Barca. E la partita, già intricata di per sé, si fa ancora più complicata al 33′: Caprari, già ammonito in occasione del penalty, commette fallo su Felipe e viene espulso. La SPAL potrebbe subito approfittare dell’uomo in più con Antenucci, troppo altruista però a tu per tu con Belec. Negli spogliatoi si va in svantaggio; dagli spogliatoi si torna con Quagliarella al posto di Ramírez. Ma il canovaccio non cambia perché i biancazzurri trovano presto il raddoppio con Grassi e addirittura il tris con Antenucci. La Samp è in barca, la SPAL resta in massima serie.
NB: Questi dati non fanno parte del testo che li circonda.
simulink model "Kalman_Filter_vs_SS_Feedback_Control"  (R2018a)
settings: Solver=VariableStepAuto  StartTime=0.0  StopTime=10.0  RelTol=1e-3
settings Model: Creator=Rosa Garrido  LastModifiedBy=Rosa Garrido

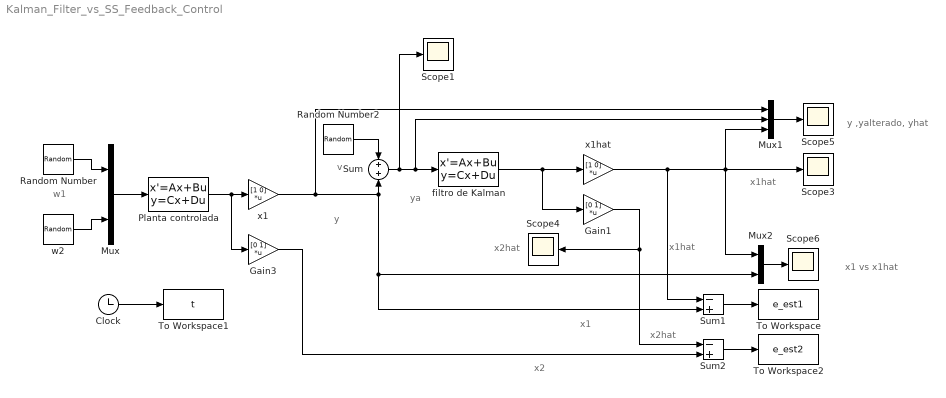
== system Kalman_Filter_vs_SS_Feedback_Control ==
  note: x2hat
  note: y ,yalterado, yhat
  note: x1 vs x1hat
  note: x1hat
  note: x1
  note: x2
  note: x2hat
  note: v
  note: ya
  note: y
  note: w1
  note: x1hat
  " w2" : RandomNumber  Variance=0.025  SampleTime=1e-3
  Clock : Clock
  Gain1 : Gain  Gain="[0  1]"  Multiplication=Matrix(K*u)
  Gain3 : Gain  Gain="[0  1]"  Multiplication=Matrix(K*u)
  Mux : Mux  Inputs=2
  Mux1 : Mux  Inputs=3
  Mux2 : Mux  Inputs=2
  Planta controlada : StateSpace  A="[ 0  1;  -2 -2]"  B="[0  0 ; -2  -1]"  C=eye(2)  D=zeros(2)  InitialCondition="[0.1  0]'"
  Random Number : RandomNumber  Variance=0.0025  SampleTime=1e-3
  Random Number2 : RandomNumber  Variance=0.25e-2  SampleTime=1e-3
  Scope{1,3..6} (5 alike) : Scope
  Sum : Sum
  Sum1 : Sum  Inputs=-+
  Sum2 : Sum  Inputs=-+
  To Workspace : ToWorkspace  VariableName=e_est1  SampleTime=-1
  To Workspace1 : ToWorkspace  VariableName=t  SampleTime=-1
  To Workspace2 : ToWorkspace  VariableName=e_est2  SampleTime=-1
  filtro de Kalman : StateSpace  A="[ -1.2532    1;  -2.7852 -2]"  B="[1.2532;  0.7852]"  C=eye(2)  D=zeros(2,1)  InitialCondition="[0  0]'"
  x1 : Gain  Gain=[1 0]  Multiplication=Matrix(K*u) (u vector)
  x1hat : Gain  Gain=[1 0]  Multiplication=Matrix(K*u)
  wires:
  Random Number/1 -> Mux/1
  " w2"/1 -> Mux/2
  Mux/1 -> Planta controlada/1
  Random Number2/1 -> Sum/1
  Planta controlada/1 -> x1/1, Gain3/1
  filtro de Kalman/1 -> x1hat/1, Gain1/1
  x1hat/1 -> Scope3/1, Mux1/3, Mux2/1, Sum1/1
  Gain1/1 -> Sum2/1, Scope4/1
  Mux1/1 -> Scope5/1
  Sum1/1 -> To Workspace/1
  Clock/1 -> To Workspace1/1
  Mux2/1 -> Scope6/1
  Gain3/1 -> Sum2/2
  Sum2/1 -> To Workspace2/1
  x1/1 -> Mux1/1, Mux2/2, Sum1/2, Sum/2
  Sum/1 -> Scope1/1, Mux1/2, filtro de Kalman/1

Amaro. Belec ci salva dal poker su Kurtic (11′) e Paloschi (17′), Kownacki segna per l’onore al 21′. Il resto è accademia, lo stadio spallino fa festa ed esulta ancora per il quarto centro di Paloschi a tempo quasi scaduto, poi annullato dal VAR. Vince la SPAL e giustamente alza le braccia al cielo, noi archiviamo la stagione con l’amaro in bocca per il terzo stop consecutivo. Imparare dagli errori per ripartire più forti. Questo deve essere l’obiettivo comune 2018/19.

SPAL            3
Sampdoria 1
Reti: p.t. 4′ Antenucci rig.; s.t. 5′ Grassi, 7′ Antenucci, 21′ Kownacki.
SPAL (3-5-2): Gomis (46′ s.t. Marchegiani); Simic, Vicari, Felipe; Lazzari (13′ s.t. F. Costa), Kurtic, Viviani (33′ s.t. Schiattarella), Grassi, Mattiello; Antenucci, Paloschi.
A disposizione: Polizzi, Bonazzoli, Floccari, Vaisanen, Esposito, Schiavon, Vitale, Dramé, Russo.
Allenatore: Semplici.
Sampdoria (4-3-1-2): Belec; Bereszynski, Andersen, Regini, Murru; Praet, Capezzi (35′ s.t. Verre), Linetty; Ramírez (1′ s.t. Quagliarella); Kownacki, Caprari.
A disposizione: Krapikas, Tozzo, Alvarez, Ferrari, Strinic, Silvestre, Torreira.
Allenatore: Giampaolo.
Arbitro: Di Bello di Brindisi.
Assistenti: Tonolini di Milano e La Rocca di Ercolano.
Quarto ufficiale: Ros di Pordenone.
VAR: Manganiello di Pinerolo.
Assistente VAR: Longo di Paola.
Note: espulso al 33′ p.t. Caprari per doppia ammonizione; ammoniti al 2′ p.t. Caprari, al 45′ p.t. Linetty, al 31′ s.t. Viviani per gioco scorretto, al 29′ s.t. Quagliarella per proteste; recupero 4′ p.t. e 3′ s.t.; terreno di gioco in buone condizioni.